*TASK OBJECTIVE*: Every entry below should be restated word for word, except for its images.

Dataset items
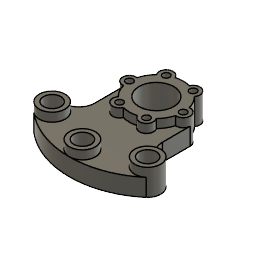
complex drawing (Autodesk Fusion 360 design; units mm, degrees)
part number: 2026-08-21-00-05-20-576
Autodesk Fusion 360 part; units mm, degrees
sketch "Sketch1" plane through (0, 0, 0) normal (0, 1, 0) x (1, 0, 0)
  line L0 (-50, 0) -> (50, 0) construction
  line L1 (0, 105.7095) -> (0, -105.7095) construction
  line L2 (-55, -65) -> (55, -65) construction
  circle A0 centre (-55, -65) radius 15
  circle A1 centre (-55, -65) radius 15
  circle A2 centre (55, -65) radius 15
  circle A3 centre (-55, -65) radius 10
  circle A4 centre (55, -65) radius 10
  circle A5 centre (0, 0) radius 20
  circle A6 centre (31, 0) radius 4
  circle A7 centre (-31, 0) radius 4
  line L3 (0, 0) -> (44, 0) construction
  circle A8 centre (-15.5, -26.8468) radius 4
  circle A9 centre (15.5, 26.8468) radius 4
  line L4 (0, 0) -> (45, 0) construction
  line L5 (0, 0) -> (44, 0) construction
  circle A10 centre (15.5, -26.8468) radius 4
  circle A11 centre (-15.5, 26.8468) radius 4
  arc A12 (-29.9677, 7.9331) -> (-29.9677, -7.9331) centre (-31, 0) ccw
  arc A13 (-8.1136, 29.9194) -> (-21.8542, 21.9863) centre (-15.5, 26.8468) ccw
  arc A14 (-21.8542, 21.9863) -> (-29.9677, 7.9331) centre (0, 0) ccw
  arc A15 (21.8542, 21.9863) -> (8.1136, 29.9194) centre (15.5, 26.8468) ccw
  arc A16 (8.1136, 29.9194) -> (-8.1136, 29.9194) centre (0, 0) ccw
  arc A17 (29.9677, -7.9331) -> (29.9677, 7.9331) centre (31, 0) ccw
  arc A18 (29.9677, 7.9331) -> (21.8542, 21.9863) centre (0, 0) ccw
  arc A19 (8.1136, -29.9194) -> (21.8542, -21.9863) centre (15.5, -26.8468) ccw
  arc A20 (-21.8542, -21.9863) -> (-8.1136, -29.9194) centre (-15.5, -26.8468) ccw
  arc A21 (-29.9677, -7.9331) -> (-21.8542, -21.9863) centre (0, 0) ccw
  arc A22 (-8.1136, -29.9194) -> (8.1136, -29.9194) centre (0, 0) ccw
  arc A23 (21.8542, -21.9863) -> (29.9677, -7.9331) centre (0, 0) ccw
  line L6 (39, 0) -> (39, -32.0607)
  arc A24 (-64.7059, -76.4366) -> (64.7059, -76.4366) centre (0, -0.1926) ccw
  circle A25 centre (0, -85.1926) radius 15
  circle A26 centre (0, -85.1926) radius 10
  arc A27 (39, -32.0607) -> (55.9091, -50.0276) centre (57, -32.0607) ccw
  arc A28 (-55.9091, -50.0276) -> (-39, -32.0607) centre (-57, -32.0607) ccw
  line L7 (-39, 0) -> (-39, -32.0607)
  point P0 (0, -65)
  dimension "d1" = 100
  dimension "d2" = 65
  dimension "d3" = 110
  dimension "d4" = 30
  dimension "d5" = 30
  dimension "d6" = 30
  dimension "d7" = 20
  dimension "d8" = 20
  dimension "d11" = 8
  dimension "d12" = 16
  dimension "d21" = 105.7095
  dimension "d22" = 200
  dimension "d23" = 30
  dimension "d24" = 20
  dimension "d25" = 36
  dimension "d26" = 8
  dimension "d27" = 8
  dimension "d28" = 8
  dimension "d29" = 40
  dimension "d30" = 8
  dimension "d31" = 8
  dimension "d32" = 8
  dimension "d33" = 31
  dimension "d34" = 8
  dimension "d35" = 8
  constraint midpoint L0 A5.centre
  constraint coincident A5.centre L3.start
  constraint horizontal L0
  constraint midpoint L1 A5.centre
  constraint perpendicular L0 L1
  constraint midpoint L2 P0
  constraint coincident L1 P0
  constraint perpendicular L1 L2
  constraint coincident L2.start A0.centre
  constraint coincident L2.end A2.centre
  constraint concentric A0 A3
  constraint concentric A2 A4
  constraint concentric A6 A17
  constraint symmetric L1 A6 A7
  constraint symmetric L1 A12 A17
  constraint horizontal L3
  constraint horizontal L4
  constraint horizontal L5
  constraint concentric A16 A18
  constraint concentric A21 A22
  constraint concentric A22 A23
  constraint coincident L4 L6.start
  constraint coincident L1 A24.centre
  constraint tangent A2 A24
  constraint coincident A0 A24.start
  constraint coincident A2 A24.end
  constraint coincident L1 A25.centre
  constraint concentric A25 A26
  constraint tangent A24 A25
  constraint tangent A2 A27
  constraint tangent L6 A27
  constraint coincident A2 A27.end
  constraint symmetric L1 L6.start L7.start
  constraint symmetric L1 L6.end A28.end
  constraint symmetric L1 A27.end A28.start
  constraint symmetric L1 A27 A28
  measures "d1" distance of L0.start L0.end
  measures "d2" distance of L0 L2
  measures "d3" distance of L2.start L2.end
  measures "d4" diameter of A0
  measures "d5" diameter of A1
  measures "d6" diameter of A2
  measures "d7" diameter of A3
  measures "d8" diameter of A4
  measures "d11" diameter of A6
  measures "d12" diameter of A17
  measures "d21" distance of L1.end A5.centre
  measures "d22" diameter of A24
  measures "d23" diameter of A25
  measures "d24" diameter of A26
  measures "d25" diameter of A27
  measures "d26" radius of A19
  measures "d27" diameter of A10
  measures "d28" diameter of A8
  measures "d29" diameter of A5
  measures "d30" diameter of A9
  measures "d31" diameter of A11
  measures "d32" radius of A13
  measures "d33" radius of A14
  measures "d34" diameter of A8
  measures "d35" radius of A15
extrude "Extrude1" add sketch "Sketch1" along normal blind 20 contours A0 A1 A2 A12 A17 A19 A20 A21 A22 A23 L6 A24 A27 A28 L7 makes body 1
extrude "Extrude2" add sketch "Sketch1" along normal blind 30 separate body contours A0 A1 | A12 A13 A14 A15 A16 A17 A18 A19 A20 A21 A22 A23 | A2 makes body 2 at (-40.0745, 10, 66.4935) makes body 3 at (69.9255, 10, 66.4935) makes body 4 at (19.9751, 10, 0.9969)
extrude "Extrude3" add sketch "Sketch1" along normal blind 30 contours A25 bodies 1
combine "Combine1" operation add target body 1 tool bodies 4 2 3

*RESPONSE TO THIS EXERCISE*:
complex drawing (Autodesk Fusion 360 design; units mm, degrees)
part number: 2026-08-21-00-05-20-576
Autodesk Fusion 360 part; units mm, degrees
sketch "Sketch1" plane through (0, 0, 0) normal (0, 1, 0) x (1, 0, 0)
  line L0 (-50, 0) -> (50, 0) construction
  line L1 (0, 105.7095) -> (0, -105.7095) construction
  line L2 (-55, -65) -> (55, -65) construction
  circle A0 centre (-55, -65) radius 15
  circle A1 centre (-55, -65) radius 15
  circle A2 centre (55, -65) radius 15
  circle A3 centre (-55, -65) radius 10
  circle A4 centre (55, -65) radius 10
  circle A5 centre (0, 0) radius 20
  circle A6 centre (31, 0) radius 4
  circle A7 centre (-31, 0) radius 4
  line L3 (0, 0) -> (44, 0) construction
  circle A8 centre (-15.5, -26.8468) radius 4
  circle A9 centre (15.5, 26.8468) radius 4
  line L4 (0, 0) -> (45, 0) construction
  line L5 (0, 0) -> (44, 0) construction
  circle A10 centre (15.5, -26.8468) radius 4
  circle A11 centre (-15.5, 26.8468) radius 4
  arc A12 (-29.9677, 7.9331) -> (-29.9677, -7.9331) centre (-31, 0) ccw
  arc A13 (-8.1136, 29.9194) -> (-21.8542, 21.9863) centre (-15.5, 26.8468) ccw
  arc A14 (-21.8542, 21.9863) -> (-29.9677, 7.9331) centre (0, 0) ccw
  arc A15 (21.8542, 21.9863) -> (8.1136, 29.9194) centre (15.5, 26.8468) ccw
  arc A16 (8.1136, 29.9194) -> (-8.1136, 29.9194) centre (0, 0) ccw
  arc A17 (29.9677, -7.9331) -> (29.9677, 7.9331) centre (31, 0) ccw
  arc A18 (29.9677, 7.9331) -> (21.8542, 21.9863) centre (0, 0) ccw
  arc A19 (8.1136, -29.9194) -> (21.8542, -21.9863) centre (15.5, -26.8468) ccw
  arc A20 (-21.8542, -21.9863) -> (-8.1136, -29.9194) centre (-15.5, -26.8468) ccw
  arc A21 (-29.9677, -7.9331) -> (-21.8542, -21.9863) centre (0, 0) ccw
  arc A22 (-8.1136, -29.9194) -> (8.1136, -29.9194) centre (0, 0) ccw
  arc A23 (21.8542, -21.9863) -> (29.9677, -7.9331) centre (0, 0) ccw
  line L6 (39, 0) -> (39, -32.0607)
  arc A24 (-64.7059, -76.4366) -> (64.7059, -76.4366) centre (0, -0.1926) ccw
  circle A25 centre (0, -85.1926) radius 15
  circle A26 centre (0, -85.1926) radius 10
  arc A27 (39, -32.0607) -> (55.9091, -50.0276) centre (57, -32.0607) ccw
  arc A28 (-55.9091, -50.0276) -> (-39, -32.0607) centre (-57, -32.0607) ccw
  line L7 (-39, 0) -> (-39, -32.0607)
  point P0 (0, -65)
  dimension "d1" = 100
  dimension "d2" = 65
  dimension "d3" = 110
  dimension "d4" = 30
  dimension "d5" = 30
  dimension "d6" = 30
  dimension "d7" = 20
  dimension "d8" = 20
  dimension "d11" = 8
  dimension "d12" = 16
  dimension "d21" = 105.7095
  dimension "d22" = 200
  dimension "d23" = 30
  dimension "d24" = 20
  dimension "d25" = 36
  dimension "d26" = 8
  dimension "d27" = 8
  dimension "d28" = 8
  dimension "d29" = 40
  dimension "d30" = 8
  dimension "d31" = 8
  dimension "d32" = 8
  dimension "d33" = 31
  dimension "d34" = 8
  dimension "d35" = 8
  constraint midpoint L0 A5.centre
  constraint coincident A5.centre L3.start
  constraint horizontal L0
  constraint midpoint L1 A5.centre
  constraint perpendicular L0 L1
  constraint midpoint L2 P0
  constraint coincident L1 P0
  constraint perpendicular L1 L2
  constraint coincident L2.start A0.centre
  constraint coincident L2.end A2.centre
  constraint concentric A0 A3
  constraint concentric A2 A4
  constraint concentric A6 A17
  constraint symmetric L1 A6 A7
  constraint symmetric L1 A12 A17
  constraint horizontal L3
  constraint horizontal L4
  constraint horizontal L5
  constraint concentric A16 A18
  constraint concentric A21 A22
  constraint concentric A22 A23
  constraint coincident L4 L6.start
  constraint coincident L1 A24.centre
  constraint tangent A2 A24
  constraint coincident A0 A24.start
  constraint coincident A2 A24.end
  constraint coincident L1 A25.centre
  constraint concentric A25 A26
  constraint tangent A24 A25
  constraint tangent A2 A27
  constraint tangent L6 A27
  constraint coincident A2 A27.end
  constraint symmetric L1 L6.start L7.start
  constraint symmetric L1 L6.end A28.end
  constraint symmetric L1 A27.end A28.start
  constraint symmetric L1 A27 A28
  measures "d1" distance of L0.start L0.end
  measures "d2" distance of L0 L2
  measures "d3" distance of L2.start L2.end
  measures "d4" diameter of A0
  measures "d5" diameter of A1
  measures "d6" diameter of A2
  measures "d7" diameter of A3
  measures "d8" diameter of A4
  measures "d11" diameter of A6
  measures "d12" diameter of A17
  measures "d21" distance of L1.end A5.centre
  measures "d22" diameter of A24
  measures "d23" diameter of A25
  measures "d24" diameter of A26
  measures "d25" diameter of A27
  measures "d26" radius of A19
  measures "d27" diameter of A10
  measures "d28" diameter of A8
  measures "d29" diameter of A5
  measures "d30" diameter of A9
  measures "d31" diameter of A11
  measures "d32" radius of A13
  measures "d33" radius of A14
  measures "d34" diameter of A8
  measures "d35" radius of A15
extrude "Extrude1" add sketch "Sketch1" along normal blind 20 contours A0 A1 A2 A12 A17 A19 A20 A21 A22 A23 L6 A24 A27 A28 L7 makes body 1
extrude "Extrude2" add sketch "Sketch1" along normal blind 30 separate body contours A0 A1 | A12 A13 A14 A15 A16 A17 A18 A19 A20 A21 A22 A23 | A2 makes body 2 at (-40.0745, 10, 66.4935) makes body 3 at (69.9255, 10, 66.4935) makes body 4 at (19.9751, 10, 0.9969)
extrude "Extrude3" add sketch "Sketch1" along normal blind 30 contours A25 bodies 1
combine "Combine1" operation add target body 1 tool bodies 4 2 3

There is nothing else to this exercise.